Agnieszka Holland: „Netanjahu to tragedia dla Izraela” | kultura

Agnieszka Holland: „Netanjahu to tragedia dla Izraela” |  kultura

Siedząc w hotelowej kawiarni w Valladolid, aura, jaką emanuje Agnieszka Holland, świadczy o jej konsekwencji i tradycji: jeśli ktoś myślał, że polska reżyserka wycofa się lub zwątpi w jej kino, tym bardziej, jeśli to ta osoba. Skrajnie prawicowy rząd w twoim kraju jest daleki od właściwej ścieżki. Hyatt Holland (Warszawa, 74 lata), znany reżyser filmowy i telewizyjny, nominowany do Oscara za scenariusz. Europa, Europa Naprawdę film…
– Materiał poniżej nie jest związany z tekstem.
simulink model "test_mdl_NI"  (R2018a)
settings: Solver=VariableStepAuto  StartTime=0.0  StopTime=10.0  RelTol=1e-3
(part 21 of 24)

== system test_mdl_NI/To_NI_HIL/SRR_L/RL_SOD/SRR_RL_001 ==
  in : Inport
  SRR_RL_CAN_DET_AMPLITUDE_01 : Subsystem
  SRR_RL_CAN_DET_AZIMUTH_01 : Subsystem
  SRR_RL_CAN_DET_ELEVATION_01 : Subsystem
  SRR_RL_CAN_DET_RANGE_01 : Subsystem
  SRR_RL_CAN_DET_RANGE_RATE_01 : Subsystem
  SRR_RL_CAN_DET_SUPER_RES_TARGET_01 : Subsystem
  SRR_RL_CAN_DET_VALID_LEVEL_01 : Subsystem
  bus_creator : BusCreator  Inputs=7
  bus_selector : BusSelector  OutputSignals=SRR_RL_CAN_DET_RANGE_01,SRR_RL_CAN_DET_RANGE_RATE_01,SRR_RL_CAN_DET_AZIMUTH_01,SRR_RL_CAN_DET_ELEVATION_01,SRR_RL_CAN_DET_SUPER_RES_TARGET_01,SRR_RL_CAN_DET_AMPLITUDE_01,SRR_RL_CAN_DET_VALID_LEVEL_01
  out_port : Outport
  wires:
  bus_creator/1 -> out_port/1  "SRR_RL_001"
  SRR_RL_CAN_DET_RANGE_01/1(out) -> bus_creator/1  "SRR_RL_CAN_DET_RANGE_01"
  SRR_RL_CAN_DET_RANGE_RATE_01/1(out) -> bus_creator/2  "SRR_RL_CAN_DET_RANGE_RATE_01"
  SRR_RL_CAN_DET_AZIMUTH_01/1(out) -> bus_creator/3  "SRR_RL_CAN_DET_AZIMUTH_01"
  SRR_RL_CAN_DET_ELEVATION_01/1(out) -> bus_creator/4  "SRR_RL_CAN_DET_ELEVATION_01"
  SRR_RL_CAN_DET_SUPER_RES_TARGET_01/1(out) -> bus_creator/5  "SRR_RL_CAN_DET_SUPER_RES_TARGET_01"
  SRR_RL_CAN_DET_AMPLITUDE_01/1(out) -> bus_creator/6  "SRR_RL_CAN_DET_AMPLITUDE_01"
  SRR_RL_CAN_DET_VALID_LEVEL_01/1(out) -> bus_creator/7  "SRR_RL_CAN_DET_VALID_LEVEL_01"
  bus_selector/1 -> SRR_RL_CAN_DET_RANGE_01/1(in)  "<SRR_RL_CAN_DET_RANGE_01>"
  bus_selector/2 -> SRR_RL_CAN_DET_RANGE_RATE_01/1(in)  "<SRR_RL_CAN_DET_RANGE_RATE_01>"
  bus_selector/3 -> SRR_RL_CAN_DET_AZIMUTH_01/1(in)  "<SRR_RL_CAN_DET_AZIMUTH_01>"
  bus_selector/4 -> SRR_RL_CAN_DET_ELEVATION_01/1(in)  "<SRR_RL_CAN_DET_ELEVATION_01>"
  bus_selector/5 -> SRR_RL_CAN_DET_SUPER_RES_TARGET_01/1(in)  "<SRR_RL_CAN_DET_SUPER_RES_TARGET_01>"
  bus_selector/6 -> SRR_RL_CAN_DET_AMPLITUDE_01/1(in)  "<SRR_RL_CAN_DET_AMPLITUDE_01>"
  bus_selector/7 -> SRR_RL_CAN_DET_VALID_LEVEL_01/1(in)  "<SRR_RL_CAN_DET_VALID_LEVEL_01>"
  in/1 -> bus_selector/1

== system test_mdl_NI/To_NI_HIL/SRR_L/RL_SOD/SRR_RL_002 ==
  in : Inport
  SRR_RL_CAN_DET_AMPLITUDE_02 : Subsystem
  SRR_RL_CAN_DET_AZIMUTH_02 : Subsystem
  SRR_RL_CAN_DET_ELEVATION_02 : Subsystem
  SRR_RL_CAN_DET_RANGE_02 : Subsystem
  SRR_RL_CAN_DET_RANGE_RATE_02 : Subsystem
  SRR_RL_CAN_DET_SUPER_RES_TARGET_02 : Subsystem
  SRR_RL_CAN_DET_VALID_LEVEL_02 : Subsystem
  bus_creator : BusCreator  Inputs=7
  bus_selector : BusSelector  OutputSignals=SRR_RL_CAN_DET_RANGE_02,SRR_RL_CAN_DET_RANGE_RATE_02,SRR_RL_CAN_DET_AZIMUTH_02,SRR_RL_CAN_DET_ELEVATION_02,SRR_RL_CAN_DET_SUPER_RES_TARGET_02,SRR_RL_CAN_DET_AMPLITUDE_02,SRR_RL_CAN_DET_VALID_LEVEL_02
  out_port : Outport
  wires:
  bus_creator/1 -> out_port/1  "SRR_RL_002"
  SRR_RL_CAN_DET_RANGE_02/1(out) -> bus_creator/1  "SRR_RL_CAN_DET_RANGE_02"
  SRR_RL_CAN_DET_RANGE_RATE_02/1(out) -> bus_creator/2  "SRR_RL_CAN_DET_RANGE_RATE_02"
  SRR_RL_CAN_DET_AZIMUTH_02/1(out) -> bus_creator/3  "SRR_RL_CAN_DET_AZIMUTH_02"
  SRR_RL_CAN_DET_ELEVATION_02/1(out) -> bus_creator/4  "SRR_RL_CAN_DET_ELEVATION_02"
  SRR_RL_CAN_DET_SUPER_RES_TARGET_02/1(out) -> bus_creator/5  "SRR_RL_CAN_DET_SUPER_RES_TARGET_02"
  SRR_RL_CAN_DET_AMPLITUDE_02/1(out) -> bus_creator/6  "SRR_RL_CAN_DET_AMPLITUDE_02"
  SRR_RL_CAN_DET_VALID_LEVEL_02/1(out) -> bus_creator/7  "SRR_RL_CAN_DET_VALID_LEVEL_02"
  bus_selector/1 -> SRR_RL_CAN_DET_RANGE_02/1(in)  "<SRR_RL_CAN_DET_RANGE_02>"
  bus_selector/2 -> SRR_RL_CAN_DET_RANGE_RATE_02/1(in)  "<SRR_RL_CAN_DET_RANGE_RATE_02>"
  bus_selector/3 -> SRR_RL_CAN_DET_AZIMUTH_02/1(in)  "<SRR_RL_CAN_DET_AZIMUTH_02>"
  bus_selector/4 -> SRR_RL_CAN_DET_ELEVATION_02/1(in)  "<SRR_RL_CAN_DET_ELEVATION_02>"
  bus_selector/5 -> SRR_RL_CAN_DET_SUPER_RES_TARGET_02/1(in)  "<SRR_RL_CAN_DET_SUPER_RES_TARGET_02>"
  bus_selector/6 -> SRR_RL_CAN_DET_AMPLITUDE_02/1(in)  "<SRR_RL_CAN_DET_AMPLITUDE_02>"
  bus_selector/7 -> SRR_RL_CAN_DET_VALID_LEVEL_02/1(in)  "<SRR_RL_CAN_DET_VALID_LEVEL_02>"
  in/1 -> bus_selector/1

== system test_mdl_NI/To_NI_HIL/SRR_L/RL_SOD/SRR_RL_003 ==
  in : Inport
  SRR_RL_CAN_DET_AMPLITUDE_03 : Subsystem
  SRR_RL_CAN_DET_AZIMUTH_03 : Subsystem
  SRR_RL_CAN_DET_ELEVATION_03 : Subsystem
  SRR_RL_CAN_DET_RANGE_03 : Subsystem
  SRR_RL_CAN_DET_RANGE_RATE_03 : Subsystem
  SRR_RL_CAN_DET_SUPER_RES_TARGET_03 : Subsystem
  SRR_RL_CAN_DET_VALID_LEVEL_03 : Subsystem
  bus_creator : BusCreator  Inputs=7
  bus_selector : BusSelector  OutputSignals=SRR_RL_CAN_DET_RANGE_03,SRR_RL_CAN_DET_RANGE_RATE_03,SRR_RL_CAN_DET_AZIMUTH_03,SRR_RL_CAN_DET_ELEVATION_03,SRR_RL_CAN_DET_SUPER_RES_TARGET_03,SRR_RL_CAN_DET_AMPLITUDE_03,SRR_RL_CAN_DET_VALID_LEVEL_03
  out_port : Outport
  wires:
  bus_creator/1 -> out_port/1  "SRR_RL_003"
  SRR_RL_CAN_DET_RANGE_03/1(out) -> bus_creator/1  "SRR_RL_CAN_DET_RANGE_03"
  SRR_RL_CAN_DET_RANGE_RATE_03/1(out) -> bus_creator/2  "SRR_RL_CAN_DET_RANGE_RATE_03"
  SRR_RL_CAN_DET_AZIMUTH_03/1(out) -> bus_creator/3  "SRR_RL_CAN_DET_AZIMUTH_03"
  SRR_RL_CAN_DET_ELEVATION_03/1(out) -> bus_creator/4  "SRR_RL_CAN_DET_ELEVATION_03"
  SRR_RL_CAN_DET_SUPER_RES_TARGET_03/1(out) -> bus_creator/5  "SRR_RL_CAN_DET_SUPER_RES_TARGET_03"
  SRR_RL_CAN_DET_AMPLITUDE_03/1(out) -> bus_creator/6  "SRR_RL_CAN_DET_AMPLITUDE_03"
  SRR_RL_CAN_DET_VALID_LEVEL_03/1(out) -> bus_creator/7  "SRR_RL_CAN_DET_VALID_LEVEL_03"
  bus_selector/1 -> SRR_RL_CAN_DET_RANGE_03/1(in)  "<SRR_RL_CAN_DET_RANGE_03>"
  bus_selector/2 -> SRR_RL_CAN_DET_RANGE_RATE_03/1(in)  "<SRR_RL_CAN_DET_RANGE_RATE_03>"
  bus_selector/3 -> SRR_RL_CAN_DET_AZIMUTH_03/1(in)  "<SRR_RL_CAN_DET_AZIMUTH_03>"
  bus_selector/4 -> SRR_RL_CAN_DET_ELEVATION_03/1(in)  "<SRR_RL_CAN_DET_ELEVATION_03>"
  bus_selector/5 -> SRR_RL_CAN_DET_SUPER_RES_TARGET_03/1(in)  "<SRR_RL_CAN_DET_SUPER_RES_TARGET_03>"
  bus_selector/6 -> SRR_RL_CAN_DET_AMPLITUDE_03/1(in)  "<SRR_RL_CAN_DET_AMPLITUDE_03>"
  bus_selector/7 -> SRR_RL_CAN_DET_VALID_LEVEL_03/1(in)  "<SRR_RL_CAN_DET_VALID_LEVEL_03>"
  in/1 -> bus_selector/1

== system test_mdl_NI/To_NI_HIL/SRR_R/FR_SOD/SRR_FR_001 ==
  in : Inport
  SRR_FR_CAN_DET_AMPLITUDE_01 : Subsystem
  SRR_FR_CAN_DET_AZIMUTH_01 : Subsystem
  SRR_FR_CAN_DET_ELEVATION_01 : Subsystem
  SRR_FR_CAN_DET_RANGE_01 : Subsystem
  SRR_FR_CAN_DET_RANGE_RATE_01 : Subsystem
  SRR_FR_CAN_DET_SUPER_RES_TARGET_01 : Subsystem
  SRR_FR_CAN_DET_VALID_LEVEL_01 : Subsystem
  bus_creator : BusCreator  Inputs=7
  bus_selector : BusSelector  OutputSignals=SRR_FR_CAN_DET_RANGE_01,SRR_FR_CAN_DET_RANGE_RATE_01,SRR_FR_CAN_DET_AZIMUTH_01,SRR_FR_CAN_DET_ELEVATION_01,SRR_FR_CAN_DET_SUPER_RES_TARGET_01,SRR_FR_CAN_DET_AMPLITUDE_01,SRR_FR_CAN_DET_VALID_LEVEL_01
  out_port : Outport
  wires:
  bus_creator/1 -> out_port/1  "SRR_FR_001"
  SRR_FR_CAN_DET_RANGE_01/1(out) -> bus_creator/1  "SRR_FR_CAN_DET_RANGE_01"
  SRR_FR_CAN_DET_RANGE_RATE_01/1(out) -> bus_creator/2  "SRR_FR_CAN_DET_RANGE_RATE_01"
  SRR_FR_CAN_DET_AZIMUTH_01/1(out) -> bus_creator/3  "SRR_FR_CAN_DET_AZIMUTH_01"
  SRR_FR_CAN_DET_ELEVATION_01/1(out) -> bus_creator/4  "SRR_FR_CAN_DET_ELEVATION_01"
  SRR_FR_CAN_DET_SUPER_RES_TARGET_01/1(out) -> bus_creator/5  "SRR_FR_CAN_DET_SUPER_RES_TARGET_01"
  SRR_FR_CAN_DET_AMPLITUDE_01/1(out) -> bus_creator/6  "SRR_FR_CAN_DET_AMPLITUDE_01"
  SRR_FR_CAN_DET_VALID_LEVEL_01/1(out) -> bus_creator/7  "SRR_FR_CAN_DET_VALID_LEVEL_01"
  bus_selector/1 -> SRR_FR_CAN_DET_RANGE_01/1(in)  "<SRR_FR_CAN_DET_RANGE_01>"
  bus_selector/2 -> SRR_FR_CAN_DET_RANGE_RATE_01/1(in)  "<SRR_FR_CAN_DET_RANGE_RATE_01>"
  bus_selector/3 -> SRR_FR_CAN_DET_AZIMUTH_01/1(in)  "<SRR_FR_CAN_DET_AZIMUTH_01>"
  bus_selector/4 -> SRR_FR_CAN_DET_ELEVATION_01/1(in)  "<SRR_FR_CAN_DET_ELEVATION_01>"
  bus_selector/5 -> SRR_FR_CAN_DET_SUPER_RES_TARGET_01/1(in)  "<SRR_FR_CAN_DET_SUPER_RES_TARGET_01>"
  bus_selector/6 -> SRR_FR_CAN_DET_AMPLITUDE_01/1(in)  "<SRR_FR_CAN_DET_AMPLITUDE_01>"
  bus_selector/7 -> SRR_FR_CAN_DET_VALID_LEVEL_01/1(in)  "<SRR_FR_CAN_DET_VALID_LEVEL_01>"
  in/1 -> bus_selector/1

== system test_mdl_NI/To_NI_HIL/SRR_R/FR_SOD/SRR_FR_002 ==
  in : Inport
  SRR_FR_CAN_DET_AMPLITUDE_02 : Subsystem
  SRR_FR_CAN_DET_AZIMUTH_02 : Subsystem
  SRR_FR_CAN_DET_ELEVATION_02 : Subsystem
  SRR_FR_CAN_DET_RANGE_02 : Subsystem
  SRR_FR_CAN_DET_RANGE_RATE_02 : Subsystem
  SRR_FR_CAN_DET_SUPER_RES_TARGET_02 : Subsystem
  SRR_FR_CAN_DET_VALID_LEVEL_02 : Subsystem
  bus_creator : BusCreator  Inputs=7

Zapisz się, aby kontynuować czytanie

Czytaj bez ograniczeń

Siedząc w hotelowej kawiarni w Valladolid, aura, jaką emanuje Agnieszka Holland, świadczy o jej konsekwencji i tradycji: jeśli ktoś myślał, że polska reżyserka wycofa się lub zwątpi w jej kino, tym bardziej, jeśli to ta osoba. Skrajnie prawicowy rząd w twoim kraju jest daleki od właściwej ścieżki. Hyatt Holland (Warszawa, 74 lata), znany reżyser filmowy i telewizyjny, nominowany do Oscara za scenariusz. Europa, Europa Oraz film w języku innym niż angielski, napisany przez Gorzkie żniwa auktoryty W europejskiej branży audiowizualnej jako szefowa Akademii Filmowej Kontynentu nigdy nie było łatwo, a jej biografia naznaczona jest sprzecznościami, które nękały jej kraj: jej matka, katoliczka, była członkinią polskiego ruchu oporu podczas II wojny światowej; Jej ojciec, żydowski dziennikarz, był zagorzałym bojownikiem komunistycznym, który wszedł w konflikt z polskim reżimem i popełnił samobójstwo, gdy jego córka miała 13 lat. Sama Holland trafiła do więzienia podczas Praskiej Wiosny, gdzie studiowała, w 1968 roku jako dysydentka. Dlatego w jego kinie odbijają się konflikty wywołane tożsamością.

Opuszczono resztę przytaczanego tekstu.